■ **EXERCISE PROMPT**
Only the stretch of the listing below that runs from the line with "#6989 = VECTOR ( 'NONE', #15677, 39.37008 ) ;" through the line with "#8020 = LINE ( 'NONE', #7797, #6989 ) ;" is to be printed, exactly and with both ends.

** DATA SHOWN follows **

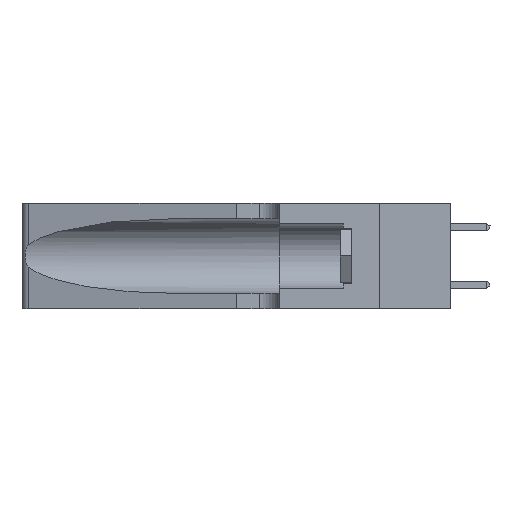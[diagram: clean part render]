
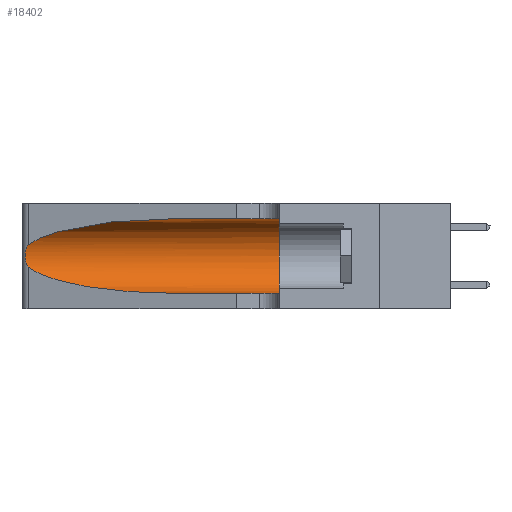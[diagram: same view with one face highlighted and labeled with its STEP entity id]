
A CAD part, left-side view. The second image highlights one B-rep face of the part: STEP entity #18402.
In plain terms, the highlighted cylindrical face has radius 3.308 mm (diameter 6.617 mm), a partial arc.
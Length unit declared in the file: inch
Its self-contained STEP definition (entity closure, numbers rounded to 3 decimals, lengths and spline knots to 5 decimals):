
#671 = EDGE_CURVE ( 'NONE', #6515, #15368, #44121, .T. ) ;
#849 = VERTEX_POINT ( 'NONE', #2765 ) ;
#1514 = CARTESIAN_POINT ( 'NONE',  ( 0.26075, 1.23896, 0.178 ) ) ;
#1842 = CARTESIAN_POINT ( 'NONE',  ( 0.18966, 0.96281, 0.31525 ) ) ;
#2765 = CARTESIAN_POINT ( 'NONE',  ( 0.1305, 0.35, 0.31525 ) ) ;
#2901 = LINE ( 'NONE', #44881, #38730 ) ;
#3707 = DIRECTION ( 'NONE',  ( 0., 1., 0. ) ) ;
#5027 = CARTESIAN_POINT ( 'NONE',  ( 0.25856, 1.23593, 0.16098 ) ) ;
#6515 = VERTEX_POINT ( 'NONE', #6727 ) ;
#6727 = CARTESIAN_POINT ( 'NONE',  ( 0.1305, 0.72297, 0.31525 ) ) ;
#7218 = CARTESIAN_POINT ( 'NONE',  ( 0.25487, 1.22718, 0.14631 ) ) ;
#7421 = AXIS2_PLACEMENT_3D ( 'NONE', #24567, #3707, #28030 ) ;
#8382 = CARTESIAN_POINT ( 'NONE',  ( 0.25555, 1.22994, 0.2215 ) ) ;
#8523 = CARTESIAN_POINT ( 'NONE',  ( 0.25639, 1.23186, 0.15144 ) ) ;
#9171 = ORIENTED_EDGE ( 'NONE', *, *, #671, .T. ) ;
#9859 = CARTESIAN_POINT ( 'NONE',  ( 0.1305, 1.61858, 0.185 ) ) ;
#10713 = CARTESIAN_POINT ( 'NONE',  ( 0.18966, 0.96281, 0.05475 ) ) ;
#10786 = ORIENTED_EDGE ( 'NONE', *, *, #26605, .T. ) ;
#11915 = CARTESIAN_POINT ( 'NONE',  ( 0.25487, 1.22718, 0.22369 ) ) ;
#11929 = B_SPLINE_CURVE_WITH_KNOTS ( 'NONE', 3,
 ( #11915, #8382, #15416, #39624, #18900, #43067, #22411, #1514, #25878, #5027, #29348, #8523, #32833, #12062 ),
 .UNSPECIFIED., .F., .F.,
 ( 4, 2, 2, 2, 2, 2, 4 ),
 ( 0., 0.00027, 0.00053, 0.00107, 0.0016, 0.00187, 0.00214 ),
 .UNSPECIFIED. ) ;
#12062 = CARTESIAN_POINT ( 'NONE',  ( 0.25487, 1.22718, 0.14631 ) ) ;
#14262 = EDGE_CURVE ( 'NONE', #16225, #38881, #41474, .T. ) ;
#15368 = VERTEX_POINT ( 'NONE', #23104 ) ;
#15416 = CARTESIAN_POINT ( 'NONE',  ( 0.25639, 1.23184, 0.21858 ) ) ;
#16225 = VERTEX_POINT ( 'NONE', #24700 ) ;
#16231 = ORIENTED_EDGE ( 'NONE', *, *, #14262, .T. ) ;
#16707 = FACE_OUTER_BOUND ( 'NONE', #29868, .T. ) ;
#17236 = ORIENTED_EDGE ( 'NONE', *, *, #27479, .F. ) ;
#17385 = DIRECTION ( 'NONE',  ( 0., -1., 0. ) ) ;
#18402 = ADVANCED_FACE ( 'NONE', ( #16707 ), #34040, .F. ) ;
#18900 = CARTESIAN_POINT ( 'NONE',  ( 0.25854, 1.2359, 0.20912 ) ) ;
#18918 = ORIENTED_EDGE ( 'NONE', *, *, #26589, .F. ) ;
#19433 = CARTESIAN_POINT ( 'NONE',  ( 0.25487, 1.22718, 0.14631 ) ) ;
#19514 = EDGE_CURVE ( 'NONE', #15368, #22078, #11929, .T. ) ;
#22078 = VERTEX_POINT ( 'NONE', #19433 ) ;
#22411 = CARTESIAN_POINT ( 'NONE',  ( 0.26075, 1.23896, 0.19203 ) ) ;
#22727 = CARTESIAN_POINT ( 'NONE',  ( 0.2373, 1.15595, 0.28018 ) ) ;
#23104 = CARTESIAN_POINT ( 'NONE',  ( 0.25487, 1.22718, 0.22369 ) ) ;
#23721 = DIRECTION ( 'NONE',  ( 0., -1., 0. ) ) ;
#24421 = AXIS2_PLACEMENT_3D ( 'NONE', #9859, #23721, #27186 ) ;
#24567 = CARTESIAN_POINT ( 'NONE',  ( 0.1305, 0.35, 0.185 ) ) ;
#24700 = CARTESIAN_POINT ( 'NONE',  ( 0.1305, 0.72297, 0.05475 ) ) ;
#25878 = CARTESIAN_POINT ( 'NONE',  ( 0.26017, 1.23833, 0.17102 ) ) ;
#26198 = CARTESIAN_POINT ( 'NONE',  ( 0.1305, 0.72297, 0.31525 ) ) ;
#26589 = EDGE_CURVE ( 'NONE', #849, #38881, #39894, .T. ) ;
#26605 = EDGE_CURVE ( 'NONE', #22078, #16225, #32779, .T. ) ;
#27186 = DIRECTION ( 'NONE',  ( 0., 0., -1. ) ) ;
#27479 = EDGE_CURVE ( 'NONE', #6515, #849, #2901, .T. ) ;
#27683 = CARTESIAN_POINT ( 'NONE',  ( 0.1305, 1.61858, 0.05475 ) ) ;
#28030 = DIRECTION ( 'NONE',  ( 0., 0., 1. ) ) ;
#29348 = CARTESIAN_POINT ( 'NONE',  ( 0.25789, 1.23486, 0.15765 ) ) ;
#29664 = CARTESIAN_POINT ( 'NONE',  ( 0.25487, 1.22718, 0.22369 ) ) ;
#29868 = EDGE_LOOP ( 'NONE', ( #9171, #41691, #10786, #16231, #18918, #17236 ) ) ;
#30133 = VECTOR ( 'NONE', #41554, 39.37008 ) ;
#31508 = CARTESIAN_POINT ( 'NONE',  ( 0.2373, 1.15595, 0.08982 ) ) ;
#32779 =( BOUNDED_CURVE ( )  B_SPLINE_CURVE ( 3, ( #7218, #31508, #10713, #34993 ),
 .UNSPECIFIED., .F., .F. ) 
 B_SPLINE_CURVE_WITH_KNOTS ( ( 4, 4 ),
 ( 3.44316, 4.71239 ),
 .UNSPECIFIED. ) 
 CURVE ( )  GEOMETRIC_REPRESENTATION_ITEM ( )  RATIONAL_B_SPLINE_CURVE ( ( 1., 0.87, 0.87, 1. ) ) 
 REPRESENTATION_ITEM ( '' )  );
#32833 = CARTESIAN_POINT ( 'NONE',  ( 0.25555, 1.22993, 0.14849 ) ) ;
#34040 = CYLINDRICAL_SURFACE ( 'NONE', #24421, 0.13025 ) ;
#34993 = CARTESIAN_POINT ( 'NONE',  ( 0.1305, 0.72297, 0.05475 ) ) ;
#35928 = CARTESIAN_POINT ( 'NONE',  ( 0.1305, 0.35, 0.05475 ) ) ;
#38730 = VECTOR ( 'NONE', #17385, 39.37008 ) ;
#38881 = VERTEX_POINT ( 'NONE', #35928 ) ;
#39624 = CARTESIAN_POINT ( 'NONE',  ( 0.25787, 1.23484, 0.2124 ) ) ;
#39894 = CIRCLE ( 'NONE', #7421, 0.13025 ) ;
#41474 = LINE ( 'NONE', #27683, #30133 ) ;
#41554 = DIRECTION ( 'NONE',  ( 0., -1., 0. ) ) ;
#41691 = ORIENTED_EDGE ( 'NONE', *, *, #19514, .T. ) ;
#43067 = CARTESIAN_POINT ( 'NONE',  ( 0.26018, 1.23835, 0.19895 ) ) ;
#44121 =( BOUNDED_CURVE ( )  B_SPLINE_CURVE ( 3, ( #26198, #1842, #22727, #29664 ),
 .UNSPECIFIED., .F., .F. ) 
 B_SPLINE_CURVE_WITH_KNOTS ( ( 4, 4 ),
 ( 1.5708, 2.84003 ),
 .UNSPECIFIED. ) 
 CURVE ( )  GEOMETRIC_REPRESENTATION_ITEM ( )  RATIONAL_B_SPLINE_CURVE ( ( 1., 0.87, 0.87, 1. ) ) 
 REPRESENTATION_ITEM ( '' )  );
#44881 = CARTESIAN_POINT ( 'NONE',  ( 0.1305, 1.61858, 0.31525 ) ) ;
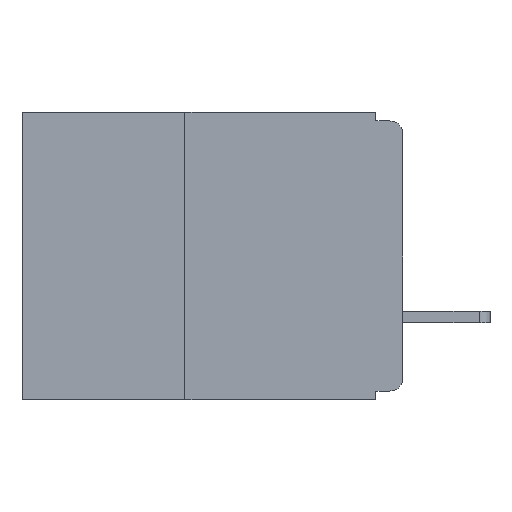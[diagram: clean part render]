
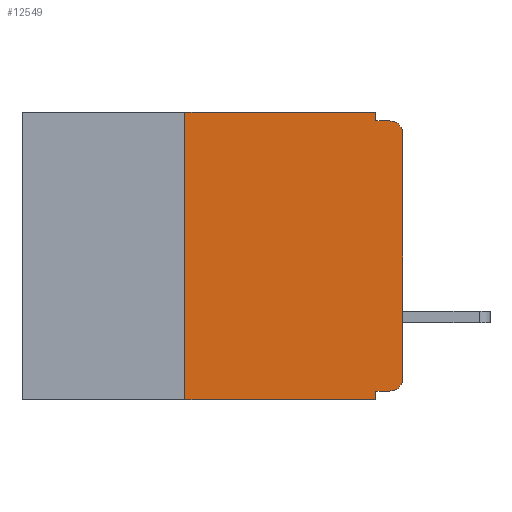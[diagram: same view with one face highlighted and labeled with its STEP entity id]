
A CAD part, left-side view. The second image highlights one B-rep face of the part: STEP entity #12549.
In plain terms, the highlighted planar face has unit normal (-1, 0, 0).
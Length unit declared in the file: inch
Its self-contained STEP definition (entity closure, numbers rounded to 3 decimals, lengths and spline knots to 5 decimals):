
#825 = VERTEX_POINT ( 'NONE', #4056 ) ;
#1318 = CIRCLE ( 'NONE', #17747, 0.015 ) ;
#1523 = VERTEX_POINT ( 'NONE', #14881 ) ;
#1770 = ORIENTED_EDGE ( 'NONE', *, *, #3465, .F. ) ;
#2793 = ORIENTED_EDGE ( 'NONE', *, *, #9984, .F. ) ;
#3465 = EDGE_CURVE ( 'NONE', #11602, #7585, #9655, .T. ) ;
#3593 = LINE ( 'NONE', #5097, #3703 ) ;
#3703 = VECTOR ( 'NONE', #5394, 39.37008 ) ;
#3920 = DIRECTION ( 'NONE',  ( 0., 0., -1. ) ) ;
#3994 = PLANE ( 'NONE',  #15477 ) ;
#4023 = CARTESIAN_POINT ( 'NONE',  ( 0., 0.437, 0. ) ) ;
#4056 = CARTESIAN_POINT ( 'NONE',  ( 0., 0.031, -0.32 ) ) ;
#4205 = DIRECTION ( 'NONE',  ( 1., 0., 0. ) ) ;
#4459 = VECTOR ( 'NONE', #11213, 39.37008 ) ;
#4463 = VECTOR ( 'NONE', #14133, 39.37008 ) ;
#4490 = CARTESIAN_POINT ( 'NONE',  ( 0., 0., -0.025 ) ) ;
#4517 = LINE ( 'NONE', #10755, #4459 ) ;
#5086 = ORIENTED_EDGE ( 'NONE', *, *, #11986, .T. ) ;
#5097 = CARTESIAN_POINT ( 'NONE',  ( 0., 0.25, -0.33 ) ) ;
#5362 = VERTEX_POINT ( 'NONE', #6483 ) ;
#5394 = DIRECTION ( 'NONE',  ( 0., 0., 1. ) ) ;
#5560 = CARTESIAN_POINT ( 'NONE',  ( 0., 0.031, -0.01 ) ) ;
#5902 = VERTEX_POINT ( 'NONE', #4490 ) ;
#6028 = CARTESIAN_POINT ( 'NONE',  ( 0., 0.25, -0.33 ) ) ;
#6074 = CARTESIAN_POINT ( 'NONE',  ( 0., 0.015, -0.01 ) ) ;
#6117 = CARTESIAN_POINT ( 'NONE',  ( 0., 0., -0.305 ) ) ;
#6274 = VERTEX_POINT ( 'NONE', #15373 ) ;
#6483 = CARTESIAN_POINT ( 'NONE',  ( 0., 0.015, -0.32 ) ) ;
#6989 = VECTOR ( 'NONE', #15677, 39.37008 ) ;
#7106 = ORIENTED_EDGE ( 'NONE', *, *, #12393, .F. ) ;
#7532 = VERTEX_POINT ( 'NONE', #6117 ) ;
#7585 = VERTEX_POINT ( 'NONE', #6074 ) ;
#7797 = CARTESIAN_POINT ( 'NONE',  ( 0., 0.437, 0. ) ) ;
#7871 = ORIENTED_EDGE ( 'NONE', *, *, #13857, .F. ) ;
#8020 = LINE ( 'NONE', #7797, #6989 ) ;
#8120 = DIRECTION ( 'NONE',  ( 0., 0., 1. ) ) ;
#8772 = ORIENTED_EDGE ( 'NONE', *, *, #11451, .F. ) ;
#8991 = EDGE_LOOP ( 'NONE', ( #14796, #16709, #1770, #2793, #8772, #14586, #5086, #7106, #7871, #9019 ) ) ;
#9019 = ORIENTED_EDGE ( 'NONE', *, *, #18024, .T. ) ;
#9026 = LINE ( 'NONE', #11243, #15791 ) ;
#9309 = LINE ( 'NONE', #17736, #4463 ) ;
#9420 = CARTESIAN_POINT ( 'NONE',  ( 0., 0., 0. ) ) ;
#9633 = VECTOR ( 'NONE', #12092, 39.37008 ) ;
#9655 = LINE ( 'NONE', #12447, #9633 ) ;
#9984 = EDGE_CURVE ( 'NONE', #15887, #11602, #4517, .T. ) ;
#10157 = VERTEX_POINT ( 'NONE', #6028 ) ;
#10199 = EDGE_CURVE ( 'NONE', #10157, #1523, #3593, .T. ) ;
#10755 = CARTESIAN_POINT ( 'NONE',  ( 0., 0.031, 0. ) ) ;
#11073 = FACE_OUTER_BOUND ( 'NONE', #8991, .T. ) ;
#11213 = DIRECTION ( 'NONE',  ( 0., 0., -1. ) ) ;
#11216 = DIRECTION ( 'NONE',  ( 0., 1., 0. ) ) ;
#11243 = CARTESIAN_POINT ( 'NONE',  ( 0., 0., -0.32 ) ) ;
#11290 = AXIS2_PLACEMENT_3D ( 'NONE', #11927, #12623, #12570 ) ;
#11451 = EDGE_CURVE ( 'NONE', #1523, #15887, #8020, .T. ) ;
#11602 = VERTEX_POINT ( 'NONE', #5560 ) ;
#11927 = CARTESIAN_POINT ( 'NONE',  ( 0., 0.015, -0.025 ) ) ;
#11974 = CARTESIAN_POINT ( 'NONE',  ( 0., 0.031, 0. ) ) ;
#11986 = EDGE_CURVE ( 'NONE', #10157, #6274, #17393, .T. ) ;
#12092 = DIRECTION ( 'NONE',  ( 0., -1., 0. ) ) ;
#12178 = DIRECTION ( 'NONE',  ( -1., 0., 0. ) ) ;
#12198 = DIRECTION ( 'NONE',  ( 0., 0., -1. ) ) ;
#12218 = CARTESIAN_POINT ( 'NONE',  ( 0., 0.015, -0.305 ) ) ;
#12393 = EDGE_CURVE ( 'NONE', #825, #6274, #9309, .T. ) ;
#12447 = CARTESIAN_POINT ( 'NONE',  ( 0., 0., -0.01 ) ) ;
#12549 = ADVANCED_FACE ( 'NONE', ( #11073 ), #3994, .F. ) ;
#12569 = DIRECTION ( 'NONE',  ( 0., -1., 0. ) ) ;
#12570 = DIRECTION ( 'NONE',  ( 0., 0., -1. ) ) ;
#12623 = DIRECTION ( 'NONE',  ( -1., 0., 0. ) ) ;
#12976 = CARTESIAN_POINT ( 'NONE',  ( 0., 0.437, -0.33 ) ) ;
#13516 = EDGE_CURVE ( 'NONE', #5902, #7585, #16056, .T. ) ;
#13857 = EDGE_CURVE ( 'NONE', #5362, #825, #9026, .T. ) ;
#14133 = DIRECTION ( 'NONE',  ( 0., 0., -1. ) ) ;
#14586 = ORIENTED_EDGE ( 'NONE', *, *, #10199, .F. ) ;
#14796 = ORIENTED_EDGE ( 'NONE', *, *, #15898, .T. ) ;
#14845 = VECTOR ( 'NONE', #8120, 39.37008 ) ;
#14881 = CARTESIAN_POINT ( 'NONE',  ( 0., 0.25, 0. ) ) ;
#14921 = LINE ( 'NONE', #9420, #14845 ) ;
#15373 = CARTESIAN_POINT ( 'NONE',  ( 0., 0.031, -0.33 ) ) ;
#15477 = AXIS2_PLACEMENT_3D ( 'NONE', #4023, #4205, #3920 ) ;
#15677 = DIRECTION ( 'NONE',  ( 0., -1., 0. ) ) ;
#15791 = VECTOR ( 'NONE', #11216, 39.37008 ) ;
#15887 = VERTEX_POINT ( 'NONE', #11974 ) ;
#15898 = EDGE_CURVE ( 'NONE', #7532, #5902, #14921, .T. ) ;
#16056 = CIRCLE ( 'NONE', #11290, 0.015 ) ;
#16709 = ORIENTED_EDGE ( 'NONE', *, *, #13516, .T. ) ;
#16997 = VECTOR ( 'NONE', #12569, 39.37008 ) ;
#17393 = LINE ( 'NONE', #12976, #16997 ) ;
#17736 = CARTESIAN_POINT ( 'NONE',  ( 0., 0.031, -0.33 ) ) ;
#17747 = AXIS2_PLACEMENT_3D ( 'NONE', #12218, #12178, #12198 ) ;
#18024 = EDGE_CURVE ( 'NONE', #5362, #7532, #1318, .T. ) ;

** End of DATA SHOWN **

■ **WRITTEN SOLUTION**
#6989 = VECTOR ( 'NONE', #15677, 39.37008 ) ;
#7106 = ORIENTED_EDGE ( 'NONE', *, *, #12393, .F. ) ;
#7532 = VERTEX_POINT ( 'NONE', #6117 ) ;
#7585 = VERTEX_POINT ( 'NONE', #6074 ) ;
#7797 = CARTESIAN_POINT ( 'NONE',  ( 0., 0.437, 0. ) ) ;
#7871 = ORIENTED_EDGE ( 'NONE', *, *, #13857, .F. ) ;
#8020 = LINE ( 'NONE', #7797, #6989 ) ;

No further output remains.